Cuando yo te pido que me escuches y tú empiezas a darme consejos, no has hecho lo que te he pedido.
Cuando te he pedido escucharme y tú has empezado a explicarme por qué yo no debía sentirme así, tú has maltratado mis sentimientos.
Cuando te he solicitado que me escuches y tú piensas en lo que debes hacer para resolver mi problema, me has rechazado por extraño que esto pudiera parecer.
Óyeme, es todo lo que te he pedido: que tú me escuches. No que hables o que hagas cualquier otra cosa; te pido únicamente que me escuches.
Los consejos no son caros, y por veinte pesos yo acudiría al periódico, al correo del corazón y al horóscopo.
Sé que puedo hacer algo por mí mismo pues no soy impotente. Quizá puedo desanimarme o desalentarme un poco, pero no importa.
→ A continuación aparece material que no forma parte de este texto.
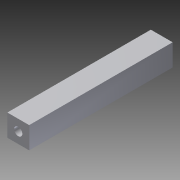
# Autodesk Inventor part: Spacer
Saved by Autodesk Inventor 2015 (Build 190159000, 159)
## iProperties
Created: 2016-03-09
Part Number: Spacer
Material: ABS Plastic
Document SubType Name: Modeling
Designer: 709252
Density: 1.06 g/cm^3
Appearance: Smooth - White
Mass: 2.12716 g
Surface Area: 17.533 cm^2
Volume: 2.00676 cm^3
Author: 709252
Autodesk Inventor part; units mm, degrees
ref_plane "YZ Plane" through (0, 0, 0) normal (1, 0, 0) x (0, 1, 0)
ref_plane "XZ Plane" through (0, 0, 0) normal (0, 1, 0) x (-1, 0, 0)
ref_plane "XY Plane" through (0, 0, 0) normal (0, 0, 1) x (1, 0, 0)
sketch "Sketch1" plane through (0, 0, 0) normal (0, 1, 0) x (-1, 0, 0)
  line L0 (0, 0) -> (-7, 0)
  line L1 (-7, 0) -> (-7, -7)
  line L2 (-7, -7) -> (0, -7)
  line L3 (0, -7) -> (0, 0)
  dimension "d0" = 7
  dimension "d1" = 7
  constraints: 8 end point, 2 parallel, 1 horizontal, 1 perpendicular
  measures "d0" distance of L2.end L1.end
  measures "d1" distance of L1.end L0.end
extrude "Extrusion1" add sketch "Sketch1" along normal blind 46
sketch "Sketch2" plane through (0, 46, 0) normal (0, 1, 0) x (1, 0, 0)
  line L0 (0, 7) -> (0, 0) projected
  line L1 (0, 3.5) -> (7, 3.5)
  line L2 (7, 0) -> (7, 7) projected
  line L3 (7, 7) -> (0, 7) projected
  line L4 (3.5, 7) -> (3.5, 0)
  line L5 (0, 0) -> (7, 0) projected
  point P0 (3.5, 3.5)
  constraints: 5 midpoint, 4 end point
hole "Hole1" at (3.5, 46, -3.5) direction (0, -1, 0) diameter 2.616 end through all
body "Solid1"

Cuando tú haces algo por mí, pero yo necesito hacer algo por mí mismo, contribuyes a aumentar mi temor, tú acentúas mi desorientación.
En cambio, cuando tú aceptas sencillamente el hecho que estoy sintiendo lo que siento (poco importa el raciocinio), entonces yo puedo empezar a comprender lo que sucede en mis sentimientos irracionales. Cuando todo está diáfano, las respuestas son evidentes y yo no tengo necesidad de consejos.
Los sentimientos irracionales se vuelven inteligibles cuando nosotros comprendemos lo que realmente acontece.
Quizá por esto, la oración funciona para algunas personas porque Dios es silencioso. Él no nos da consejos. No intentamos arrancarle cosas. Él nos escucha simplemente y nos deja resolver el problema por nosotros mismos.
Finalmente, si quieres, escúchame y entiéndeme.
Y si tú quieres hablar, espero justamente un instante y entonces yo te escucho.
Autor anónimo. Publicado en Notes et practiques ignatiennes, # 20 juillet, 1989, Lyon France. Traducción de Eugenio Páramo sj.